The course, which will be repeated in summer 2015, presented a series of cinematic milestones that together offered a history of both the artistic ambitions and the commercial realities of French cinema, moving from the earliest days of silent cinema (Méliès, Feuillade) to the most recent releases (Assayas, Denis). The course covered wartime film production, as well as the rise of recent genres such as the beur film (works set in the suburban housing projects that ring Paris, focuing on young immigrants), with special concentration on the French New Wave (1958-1967), the movement which perhaps more than any other truly took the city of Paris as its muse.  
The course featured a behind-the-scenes visit to the famous Cinemathèque Française, as well as a host of “A-list” guest speakers from the French film industry.
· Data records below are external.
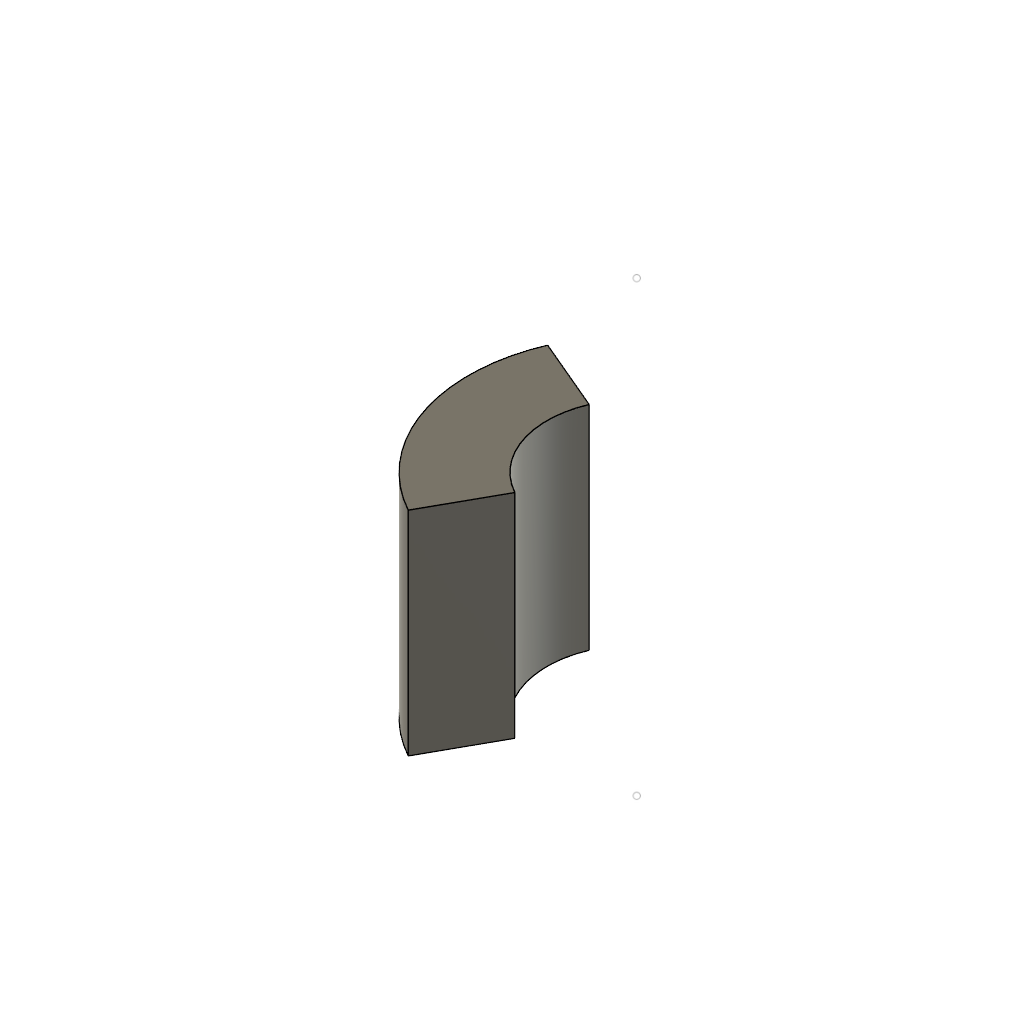
origin (Autodesk Fusion 360 design; units mm, degrees)
part number: 2026-11-27-16-03-30-666
Autodesk Fusion 360 part; units mm, degrees
sketch "AxisSupport" plane through (0, 0, 0) normal (0, 0, 1) x (1, 0, 0)
  point P0 (-17, 23)
  point P1 (-17, 63)
sketch "RevolveProfile" plane through (0, 0, 0) normal (0, 0, 1) x (1, 0, 0)
  line L0 (-25, 29) -> (-25, 48)
  line L1 (-25, 48) -> (-32, 48)
  line L2 (-32, 48) -> (-32, 29)
  line L3 (-32, 29) -> (-25, 29)
revolve "UnequalRevolve" add sketch "RevolveProfile" angle 61 about axis through (-17, 15, 0) along (0, 1, 0) second angle 23
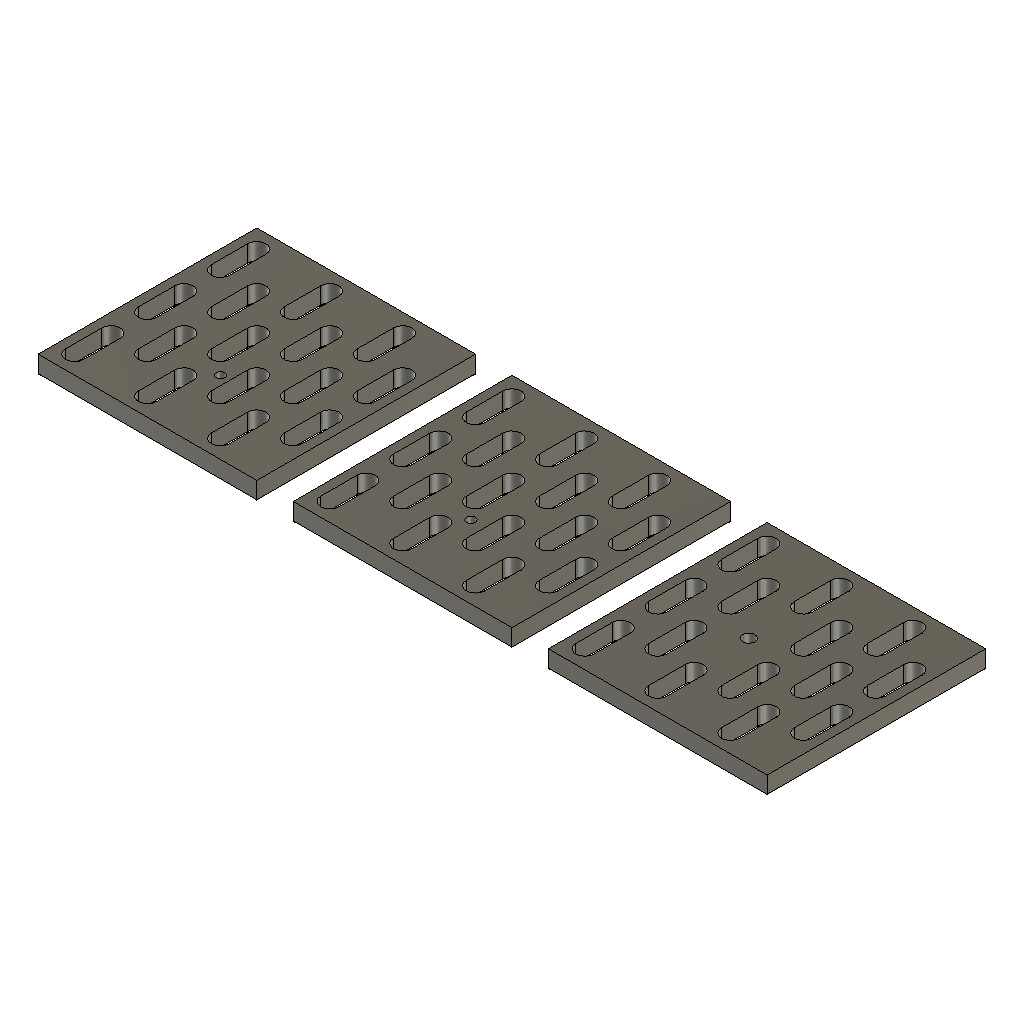
mounting-comparison (Autodesk Fusion 360 design; units mm, degrees)
part number: 2026-10-31-19-28-55-188
part number: 2026-10-31-19-28-55-479
part number: 2026-10-31-19-28-58-749
part number: 2026-10-31-19-29-04-549
Autodesk Fusion 360 part; units mm, degrees
(part 1 of 2)
sketch "Coupon blank sketch" plane through (0, 0, 0) normal (0, 0, 1) x (1, 0, 0) in component "Original M2"
  line L0 (0, 0) -> (60, 0)
  line L1 (60, 0) -> (60, 60)
  line L2 (60, 60) -> (0, 60)
  line L3 (0, 60) -> (0, 0)
  dimension "d68" = 60
  dimension "d69" = 60
  constraint horizontal L0
  constraint vertical L1
  constraint horizontal L2
  constraint vertical L3
  constraint vertical L0.start L3.end
  constraint horizontal L0.start L3.end
  measures "d68" horizontal distance of L0.start L0.end
  measures "d69" vertical distance of L0.end L1.end
extrude "Coupon blank" add sketch "Coupon blank sketch" along normal blind 5 makes body 1 in component "Original M2"
sketch "Slot 0 10 constrained seed" plane through (0, 0, 0) normal (0, 0, 1) x (1, 0, 0) in component "Original M2"
  line L0 (7.5, 5) -> (7.5, 15)
  arc A0 (7.5, 15) -> (2.5, 15) centre (5, 15) ccw
  line L1 (2.5, 15) -> (2.5, 5)
  arc A1 (2.5, 5) -> (7.5, 5) centre (5, 5) ccw
  line L2 (5, 5) -> (5, 15) construction
  line L3 (5, 5) -> (15, 5) construction
  dimension "d72" = 5
  dimension "d73" = 10
  dimension "d74" = 90
  dimension "d75" = 10
  dimension "d76" = 5
  dimension "d77" = 5
  constraint tangent L0 A0
  constraint tangent A0 L1
  constraint tangent L1 A1
  constraint tangent L0 A1
  constraint parallel L0 L1
  constraint horizontal L3
  measures "d72" diameter of A0
  measures "d73" distance of A1.centre A0.centre
  measures "d74" angle of L2 L3
  measures "d75" horizontal distance of A1.centre L3.end
  measures "d76" horizontal distance of origin A1.centre
  measures "d77" vertical distance of origin A1.centre
extrude "Slot 0 10 through cut" cut sketch "Slot 0 10 constrained seed" along normal blind 5 bodies 1 in component "Original M2"
pattern_linear "Slot 0 10 lattice" count 1 spacing 20 along (1, 0, 0) of "Slot 0 10 through cut" in component "Original M2"
sketch "Slot 0 30 constrained seed" plane through (0, 0, 0) normal (0, 0, 1) x (1, 0, 0) in component "Original M2"
  line L0 (7.5, 25) -> (7.5, 35)
  arc A0 (7.5, 35) -> (2.5, 35) centre (5, 35) ccw
  line L1 (2.5, 35) -> (2.5, 25)
  arc A1 (2.5, 25) -> (7.5, 25) centre (5, 25) ccw
  line L2 (5, 25) -> (5, 35) construction
  line L3 (5, 25) -> (15, 25) construction
  dimension "d84" = 5
  dimension "d85" = 10
  dimension "d86" = 90
  dimension "d87" = 10
  dimension "d88" = 5
  dimension "d89" = 25
  constraint tangent L0 A0
  constraint tangent A0 L1
  constraint tangent L1 A1
  constraint tangent L0 A1
  constraint parallel L0 L1
  constraint horizontal L3
  measures "d84" diameter of A0
  measures "d85" distance of A1.centre A0.centre
  measures "d86" angle of L2 L3
  measures "d87" horizontal distance of A1.centre L3.end
  measures "d88" horizontal distance of origin A1.centre
  measures "d89" vertical distance of origin A1.centre
extrude "Slot 0 30 through cut" cut sketch "Slot 0 30 constrained seed" along normal blind 5 bodies 1 in component "Original M2"
pattern_linear "Slot 0 30 lattice" count 1 spacing 20 along (1, 0, 0) of "Slot 0 30 through cut" in component "Original M2"
sketch "Slot 0 50 constrained seed" plane through (0, 0, 0) normal (0, 0, 1) x (1, 0, 0) in component "Original M2"
  line L0 (7.5, 45) -> (7.5, 55)
  arc A0 (7.5, 55) -> (2.5, 55) centre (5, 55) ccw
  line L1 (2.5, 55) -> (2.5, 45)
  arc A1 (2.5, 45) -> (7.5, 45) centre (5, 45) ccw
  line L2 (5, 45) -> (5, 55) construction
  line L3 (5, 45) -> (15, 45) construction
  dimension "d96" = 5
  dimension "d97" = 10
  dimension "d98" = 90
  dimension "d99" = 10
  dimension "d100" = 5
  dimension "d101" = 45
  constraint tangent L0 A0
  constraint tangent A0 L1
  constraint tangent L1 A1
  constraint tangent L0 A1
  constraint parallel L0 L1
  constraint horizontal L3
  measures "d96" diameter of A0
  measures "d97" distance of A1.centre A0.centre
  measures "d98" angle of L2 L3
  measures "d99" horizontal distance of A1.centre L3.end
  measures "d100" horizontal distance of origin A1.centre
  measures "d101" vertical distance of origin A1.centre
extrude "Slot 0 50 through cut" cut sketch "Slot 0 50 constrained seed" along normal blind 5 bodies 1 in component "Original M2"
pattern_linear "Slot 0 50 lattice" count 1 spacing 20 along (1, 0, 0) of "Slot 0 50 through cut" in component "Original M2"
sketch "Slot 1 20 constrained seed" plane through (0, 0, 0) normal (0, 0, 1) x (1, 0, 0) in component "Original M2"
  line L0 (17.5, 15) -> (17.5, 25)
  arc A0 (17.5, 25) -> (12.5, 25) centre (15, 25) ccw
  line L1 (12.5, 25) -> (12.5, 15)
  arc A1 (12.5, 15) -> (17.5, 15) centre (15, 15) ccw
  line L2 (15, 15) -> (15, 25) construction
  line L3 (15, 15) -> (25, 15) construction
  dimension "d108" = 5
  dimension "d109" = 10
  dimension "d110" = 90
  dimension "d111" = 10
  dimension "d112" = 15
  dimension "d113" = 15
  constraint tangent L0 A0
  constraint tangent A0 L1
  constraint tangent L1 A1
  constraint tangent L0 A1
  constraint parallel L0 L1
  constraint horizontal L3
  measures "d108" diameter of A0
  measures "d109" distance of A1.centre A0.centre
  measures "d110" angle of L2 L3
  measures "d111" horizontal distance of A1.centre L3.end
  measures "d112" horizontal distance of origin A1.centre
  measures "d113" vertical distance of origin A1.centre
extrude "Slot 1 20 through cut" cut sketch "Slot 1 20 constrained seed" along normal blind 5 bodies 1 in component "Original M2"
pattern_linear "Slot 1 20 lattice" count 1 spacing 20 along (1, 0, 0) of "Slot 1 20 through cut" in component "Original M2"
sketch "Slot 1 40 constrained seed" plane through (0, 0, 0) normal (0, 0, 1) x (1, 0, 0) in component "Original M2"
  line L0 (17.5, 35) -> (17.5, 45)
  arc A0 (17.5, 45) -> (12.5, 45) centre (15, 45) ccw
  line L1 (12.5, 45) -> (12.5, 35)
  arc A1 (12.5, 35) -> (17.5, 35) centre (15, 35) ccw
  line L2 (15, 35) -> (15, 45) construction
  line L3 (15, 35) -> (25, 35) construction
  dimension "d120" = 5
  dimension "d121" = 10
  dimension "d122" = 90
  dimension "d123" = 10
  dimension "d124" = 15
  dimension "d125" = 35
  constraint tangent L0 A0
  constraint tangent A0 L1
  constraint tangent L1 A1
  constraint tangent L0 A1
  constraint parallel L0 L1
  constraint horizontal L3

Among the guests were:

    Isabelle Giordano, Executive Director, UniFrance Films, on the position of French cinema in the international market today

    Bertrand Roger, Head of Marketing, MK2 Films, on current trends in French film distribution

    Hubert Niogret, film critic for Positif and film producer (60 ans de Cinema Français, among many other films), on the films of the Occupation

    Pierre Rissient, filmmaker, film critic, and film programmer for the legendary “Cinema MacMahon,” on French cinema in the Fifties

    Jean-François Rauger, Director of Programming, La Cinematheque Française, on the legacy of the French New Wave

    Nicole Brenéz, programmer of independent film for the Pompidou Centre, on contemporary trends in alternative media in France today

    Jean-Michel Frodon, former editor of Cahiers du Cinema and currently Professor of Media Studies at The Institute of Political Studies (Science-Po) in Paris, on the contemporary political economy of French cinema

Student Comments:
Peña and the course were truly fantastic – every aspect of the experience was valuable, including Peña’s exciting and evenhanded lectures, the unusual and stimulating selection of films, his recommendations, the diverse group of guest speakers, the different perspectives provided by other students, and the time we were allowed to explore Paris on our own.
The guest speakers were the highlights of the course – they gave us a sense of how the French themselves value their own cinema, and how they guide and organize its production/distribution. Each guest brought a different angle to the course, and to our understanding of French cinema as a whole. There were no duds!
I gained an incredible amount of knowledge in three weeks thanks to Professor Peña. His insight into the history of French Cinema was incredibly valuable, and I especially enjoyed watching feature films in class every day… overall a truly amazing experience.
You can see the 2014 official course description here.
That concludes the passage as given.